Given the importance of urea in the urine concentrating mechanism, high-resolution imaging of renal urea handling could be a powerful tool for the investigation of renal physiology. This imaging technique could be applicable to the monitoring of diuretic drugs that act on UTs (7, 6, 61) or to study the effects of antineoplastic drugs, whose side effects include reduced urea concentrating ability (62). Radiologically, this method could address the inherent difficulty of renal perfusion evaluation on patients with impaired renal function and chronic kidney disease, as virtually all commonly used iodinated computed tomography contrast agents and Gd-based MRI contrast agents pose some hazards of acute renal failure in these patients (63, 64). Although urea clearance is well known to be an inaccurate marker for GFR estimation because of its significant reabsorption (2), 13C urea MRI could provide a qualitative assessment of renal perfusion such as is regularly performed on transplantation candidates, before and after ablation for renal cell carcinoma, and for the assessment of congenital urological abnormalities (44, 65, 66). All experiments in this study were performed on a clinical MRI scanner using infused urea doses that have been shown to be safe for humans with far advanced renal failure (67). Recent studies have also suggested the use of 13C urea as a biocompatible myocardial perfusion marker (68, 69).

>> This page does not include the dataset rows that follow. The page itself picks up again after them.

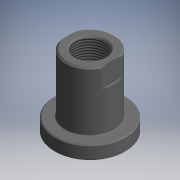
# Autodesk Inventor part: 1559400 EAGF-V2-KF-80/100---(GS)
Saved by Autodesk Inventor 2017.3 (Build 213256000, 256)
## iProperties
Part Number: 1559400 EAGF-V2-KF-80/100---(GS)
Material: Generic
Catalog Web Link: www.cadenas.de
Description: EAGF-V2-KF-(GS)-Gewindestueck
Vendor: FESTO
Document SubType Name: Modeling
Designer: partserver
Manufacturer: FESTO
Mass: 29.0502 g
Surface Area: 93.9672 cm^2
Volume: 29.0502 cm^3
Density: 1 g/cm^3
Appearance: PSOLRGB-128-128-128
Category: PARTsolutions
Company: FESTO
Title: 1559400 EAGF-V2-KF-80/100---(GS)
Author: Cadenas PARTsolutions
Comments: Gewindestueck
PSOL_IDENT_0: {$CADENAS_DATA\23d-libs\festo\parts\e\eagf\parts\eagf_gs.prj},213 {VTYP=3D},{NB=1559400 EAGF-V2-KF-8
PSOL_IDENT_1: 0/100---(GS)},{LINA=1559400 EAGF-V2-KF-80/100---(GS)},{NN=EAGF-V2-KF-(GS)},{DATE=20.07.2020 13:53:58
PSOL_IDENT_2: },{GEOMDATE=17.05.2016 08:04:00},{VERSION=},{LINEID=20},{WBVAR=},{WBNUMERIC=}  {NB=1559400 EAGF-V2-K
PSOL_IDENT_3: F-80/100---(GS)},{LINA=1559400 EAGF-V2-KF-80/100---(GS)},{KT=DUMMY},{TNR=1559400},{TYP=EAGF-V2-KF-80
PSOL_IDENT_4: /100},{D1=44.000},{D2=0.000},{D3=20.000},{D3P=1.500},{D4=30.000},{H1=45.000},{H2=8.450},{H3=12.000},
PSOL_IDENT_5: {T1=30.000},{T2=33.000},{T3=0.000},{R=0.600},{SW=27.000}
NB: 1559400 EAGF-V2-KF-80/100---(GS)
NN: EAGF-V2-KF-(GS)
NT: Gewindestueck
NBSYN: $TNR. $TYP.---(GS)
LINA: 1559400 EAGF-V2-KF-80/100---(GS)
CATALOG: Festo
TNR: 1559400
TYP: EAGF-V2-KF-80/100
D1: 44
D2: 0
D3: 20
D3P: 1.5
D4: 30
H1: 45
H2: 8.45
H3: 12
T1: 30
T2: 33
T3: 0
R: 0.6
SW: 27
SUPPLIER: FESTO
ARTICLENO: 1559400 EAGF-V2-KF-80/100---(GS)
BOMINFO: 1559400 EAGF-V2-KF-80/100---(GS)
CREATOR: CADENAS GmbH
Autodesk Inventor part; units mm, degrees
sketch "Sketch_1" plane through (0, 0, 0) normal (1, 0, 0) x (0, 1, 0)
  line L0 (0, -6.6953) -> (0, 0)
  line L1 (0, 0) -> (21.4, 0)
  line L2 (21.4, 0) -> (22, -0.6)
  line L3 (22, -0.6) -> (22, -7.85)
  line L4 (22, -7.85) -> (21.4, -8.45)
  line L5 (21.4, -8.45) -> (15.6, -8.45)
  arc A0 (15.6, -8.45) -> (15, -9.05) centre (15.6, -9.05) ccw
  line L6 (15, -9.05) -> (15, -44)
  line L7 (15, -44) -> (14, -45)
  line L8 (14, -45) -> (10, -45)
  line L9 (10, -45) -> (9.188, -44.188)
  line L10 (9.188, -44.188) -> (9.188, -12)
  line L11 (9.188, -12) -> (0, -6.6953)
  line L12 (0, -6.6953) -> (0, 0)
  constraints: 26 end point, 2 point on circle, 1 centre point
revolve "Revolution1" add sketch "Sketch_1" angle 360 about axis through (0, 0, -6.6953) along (0, 0, -1)
thread "Thread1" size "M20x1.5" class "6H" standard "ISO Metric profile" length 29.188
sketch "Sketch_4" plane through (0, 0, -45) normal (0, 0, 1) x (1, 0, 0)
  line L0 (-18.5, -27) -> (18.5, -27)
  line L1 (18.5, -27) -> (18.5, 22)
  line L2 (18.5, 22) -> (13.5, 22)
  line L3 (13.5, 22) -> (13.5, -22)
  line L4 (13.5, -22) -> (-13.5, -22)
  line L5 (-13.5, -22) -> (-13.5, 22)
  line L6 (-13.5, 22) -> (-18.5, 22)
  line L7 (-18.5, 22) -> (-18.5, -27)
  constraints: 16 end point
extrude "Extrusion1" cut sketch "Sketch_4" along normal blind 12
ref_plane "ANBAU_XY" through (0, 0, -8.45) normal (0, 0, 1) x (1, 0, 0)
ref_plane "ANBAU_YZ" through (0, 0, -8.45) normal (1, 0, 0) x (0, 1, 0)
ref_plane "ANBAU_ZX" through (0, 0, -8.45) normal (0, 1, 0) x (0, 0, 1)
ref_plane "EP_IP_XY" through (0, 0, 0) normal (0, 0, -1) x (1, 0, 0)
ref_plane "EP_IP_YZ" through (0, 0, 0) normal (1, 0, 0) x (0, -1, 0)
ref_plane "EP_IP_ZX" through (0, 0, 0) normal (0, -1, 0) x (0, 0, -1)
body "Solid1"
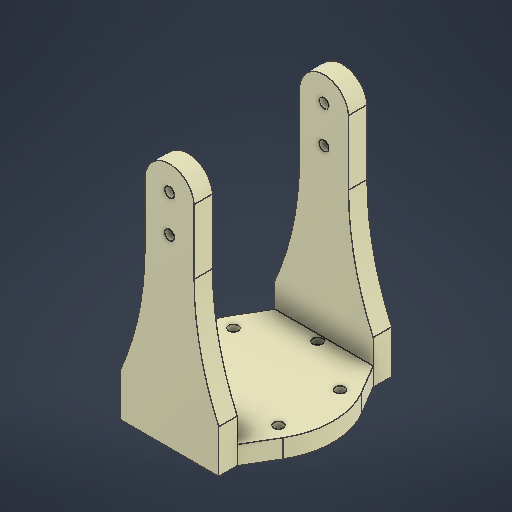
# Autodesk Inventor part: MOUNTING-COUPLE
Saved by Autodesk Inventor 2025.3 (Build 293356030, 356C)
## iProperties
Created: 2025-08-29
Part Number: MOUNTING-COUPLE
Material: Generic
Document SubType Name: Modeling
Designer: lstk1ng
Density: 1 g/cm^3
Appearance: Default
Author: lstk1ng
Autodesk Inventor part; units mm, degrees
ref_plane "YZ Plane" through (0, 0, 0) normal (1, 0, 0) x (0, 1, 0)
ref_plane "XZ Plane" through (0, 0, 0) normal (0, 1, 0) x (-1, 0, 0)
ref_plane "XY Plane" through (0, 0, 0) normal (0, 0, 1) x (1, 0, 0)
sketch "Sketch1" plane through (0, 0, 0) normal (0, 1, 0) x (-1, 0, 0)
  circle A0 centre (0, 0) radius 50 construction
  circle A1 centre (50, 0) radius 4
  line L0 (0, 0) -> (43.3013, -25) construction
  line L1 (0, 0) -> (50, 0) construction
  circle A2 centre (43.3013, -25) radius 4
  circle A3 centre (43.3013, 25) radius 4
  circle A4 centre (0, 50) radius 4
  circle A5 centre (-43.3013, 25) radius 4
  circle A6 centre (-43.3013, -25) radius 4
  circle A7 centre (0, -50) radius 4
  line L2 (25, 55.25) -> (-25, 55.25)
  arc A8 (-53.8355, 31.903) -> (-62.5784, 0) centre (0, 0) ccw
  arc A9 (62.5784, 0) -> (53.8355, 31.903) centre (0, 0) ccw
  line L3 (0, 55.25) -> (40, 55.25)
  line L4 (0, 55.25) -> (-40, 55.25)
  line L5 (40, 55.25) -> (53.8355, 31.903)
  line L6 (-40, 55.25) -> (-53.8355, 31.903)
  line L7 (62.5784, 0) -> (-62.5784, 0) construction
  arc A10 (-62.5784, 0) -> (-53.8355, -31.903) centre (0, 0) ccw
  arc A11 (53.8355, -31.903) -> (62.5784, 0) centre (0, 0) ccw
  line L8 (0, -55.25) -> (40, -55.25)
  line L9 (0, -55.25) -> (-40, -55.25)
  line L10 (40, -55.25) -> (53.8355, -31.903)
  line L11 (-40, -55.25) -> (-53.8355, -31.903)
  point P0 (-25, 55.25)
  dimension "d1" = 100
  dimension "d2" = 8
  dimension "d3" = 30
  dimension "d4" = 8
  dimension "d7" = 360
  dimension "d35" = 40
  dimension "d36" = 40
  dimension "d49" = 110.5
  constraints: 24 end point, 12 centre point, 10 point on circle, 5 symmetric about line, 3 coincident, 3 horizontal, 3 point on line, 2 tangent, 1 equal length, 1 midpoint, 15 other
  measures "d1" diameter of A0
  measures "d2" diameter of A1
  measures "d3" angle of L0 L1
  measures "d4" diameter of A2
  measures "d35" distance of L3.start L3.end
  measures "d36" distance of L3.start L4.end
  measures "d49" distance between parallel lines of L8 L3
extrude "Extrusion1" add sketch "Sketch1" along normal blind 15
sketch "Sketch4" plane through (-40, 0, 55.25) normal (0, 0, 1) x (1, 0, 0)
  line L0 (40, 200) -> (40, 184) construction
  line L1 (40, 184) -> (40, 180) construction
  circle A0 centre (40, 180) radius 4
  line L2 (40, 180) -> (40, 150) construction
  circle A1 centre (40, 150) radius 4
  arc A2 (59.9595, 181.2724) -> (20.0405, 181.2724) centre (40, 180) ccw
  line L3 (0, 0) -> (0, 15) projected
  line L4 (0, 15) -> (0, 0)
  line L5 (80, 0) -> (80, 15) projected
  line L6 (0, 0) -> (80, 0)
  line L7 (80, 0) -> (80, 15)
  line L8 (40, 0) -> (40, 15) construction
  line L9 (40, 146) -> (40, 200) construction
  line L10 (20.0405, 181.2724) -> (20.0405, 131.2724)
  line L11 (0, 15) -> (0, 35)
  line L12 (59.9595, 181.2724) -> (59.9595, 128.6983)
  line L13 (0, 15) -> (80, 15) projected
  line L14 (80, 15) -> (80, 35)
  arc A3 (0, 35) -> (20.0405, 131.2724) centre (-221.2208, 131.2724) ccw
  arc A4 (59.9595, 128.6983) -> (80, 35) centre (289.0202, 128.6983) ccw
  dimension "d42" = 8
  dimension "d37" = 200
  dimension "d38" = 16
  dimension "d39" = 4
  dimension "d40" = 8
  dimension "d41" = 30
  dimension "d50" = 50
  dimension "d51" = 20
  dimension "d52" = 20
  constraints: 24 end point, 7 point on circle, 6 vertical, 4 centre point, 3 coincident, 3 point on line, 2 perpendicular, 2 tangent, 1 collinear, 1 vertical alignment, 2 other
  measures "d37" distance of L8.start L0.start
  measures "d38" distance of L0.start L0.end
  measures "d39" distance of L0.end L1.end
  measures "d40" diameter of A0
  measures "d41" distance of L2.start L2.end
  measures "d50" distance of L10.start L10.end
  measures "d51" distance of L3.end L11.end
  measures "d52" distance of L5.end L14.end
extrude "Extrusion3" add sketch "Sketch4" along normal blind 15
mirror "Mirror2" about plane through (0, 0, 0) normal (0, 0, 1) of "Extrusion3"
body "Solid1"
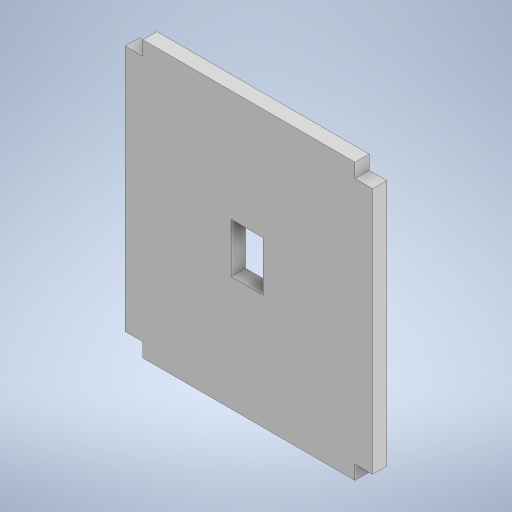
# Autodesk Inventor part: Knoptsnstuk_Final
Saved by Autodesk Inventor 2023.4 (Build 274418000, 418)
## iProperties
Created: 2024-08-06
Part Number: Knoptsnstuk_Final
Material: Generic
Document SubType Name: Modeling
Designer: cthey
Density: 1 g/cm^3
Appearance: Default
Author: cthey
Autodesk Inventor part; units mm, degrees
ref_plane "YZ Plane" through (0, 0, 0) normal (1, 0, 0) x (0, 1, 0)
ref_plane "XZ Plane" through (0, 0, 0) normal (0, 1, 0) x (-1, 0, 0)
ref_plane "XY Plane" through (0, 0, 0) normal (0, 0, 1) x (1, 0, 0)
sketch "Sketch1" plane through (0, 0, 0) normal (0, 0, 1) x (1, 0, 0)
  line L0 (0, 0) -> (70, 0)
  line L1 (70, 0) -> (70, 70)
  line L2 (70, 70) -> (0, 70)
  line L3 (0, 70) -> (0, 0)
  line L4 (5, 74) -> (65, 74)
  line L5 (65, 74) -> (65, -4)
  line L6 (65, -4) -> (5, -4)
  line L7 (5, -4) -> (5, 74)
  line L8 (30, 42.5) -> (39, 42.5)
  line L9 (39, 42.5) -> (39, 28.5)
  line L10 (39, 28.5) -> (30, 28.5)
  line L11 (30, 28.5) -> (30, 42.5)
  point P0 (5, 0)
  point P1 (65, 0)
  point P2 (65, 70)
  point P3 (5, 70)
  dimension "d0" = 70
  dimension "d1" = 70
  dimension "d2" = 4
  dimension "d3" = 5
  dimension "d4" = 5
  dimension "d5" = 4
  dimension "d6" = 14
  dimension "d7" = 9
  dimension "d8" = 26
  dimension "d9" = 28.5
  constraints: 24 end point, 6 parallel, 3 horizontal, 3 perpendicular
  measures "d0" distance of L1.end L2.end
  measures "d1" distance of L0.end L1.end
  measures "d2" distance between parallel lines of L2 L4
  measures "d3" distance between parallel lines of L1 L5
  measures "d4" distance between parallel lines of L3 L7
  measures "d5" distance between parallel lines of L0 L6
  measures "d6" distance of L8.end L9.end
  measures "d7" distance of L8.start L8.end
  measures "d8" distance between parallel lines of L5 L9
  measures "d9" distance between parallel lines of L0 L10
extrude "Extrusion1" add sketch "Sketch1" along normal blind 4
body "Solid1"

Although T2-weighted imaging has been a standard clinical MRI evaluation for 3 decades (70), only a few studies have investigated T2 contrast for in vivo hyperpolarized 13C agents' imaging (71, 30, 72, 50). In addition to chemical shift (16, 73–77) and diffusion-sensitive (78, 13, 79, 72, 80) imaging techniques, T2 relaxometry could be a very useful tool for probing the microenvironment of hyperpolarized 13C molecules in vivo, as it yields high signals, thus allowing for high-resolution encoding.
Imaging of 2 key steps of the renal urea handling process was enabled by a hyperpolarized 13C relaxometry. Selective quenching of the vascular hyperpolarized 13C signal with a macromolecular relaxation agent revealed that a long-T2 component of the [13C,15N2]urea signal originated from the renal extravascular space, thus allowing the vascular and filtrate pools of the [13C,15N2]urea to be distinguished via multiexponential analysis. The T2 response to induced diuresis and antidiuresis was performed with 2 imaging agents: hyperpolarized [13C,15N2]urea and hyperpolarized bis-1,1-(hydroxymethyl)-1-13C-cyclopropane-2H8 (control agent). During antidiuresis, large T2 increases in the IM and papilla were observed using the former agent only, suggesting that T2 relaxometry may be used to monitor the inner medullary UT-A1- and UT-A3-mediated urea concentrating process. A T2-edited, ultralong TE sequence was developed for sub-2 mm3 resolution 3D encoding of [13C,15N2]urea in the renal filtrate by exploiting relaxation differences in the vascular and filtrate pools.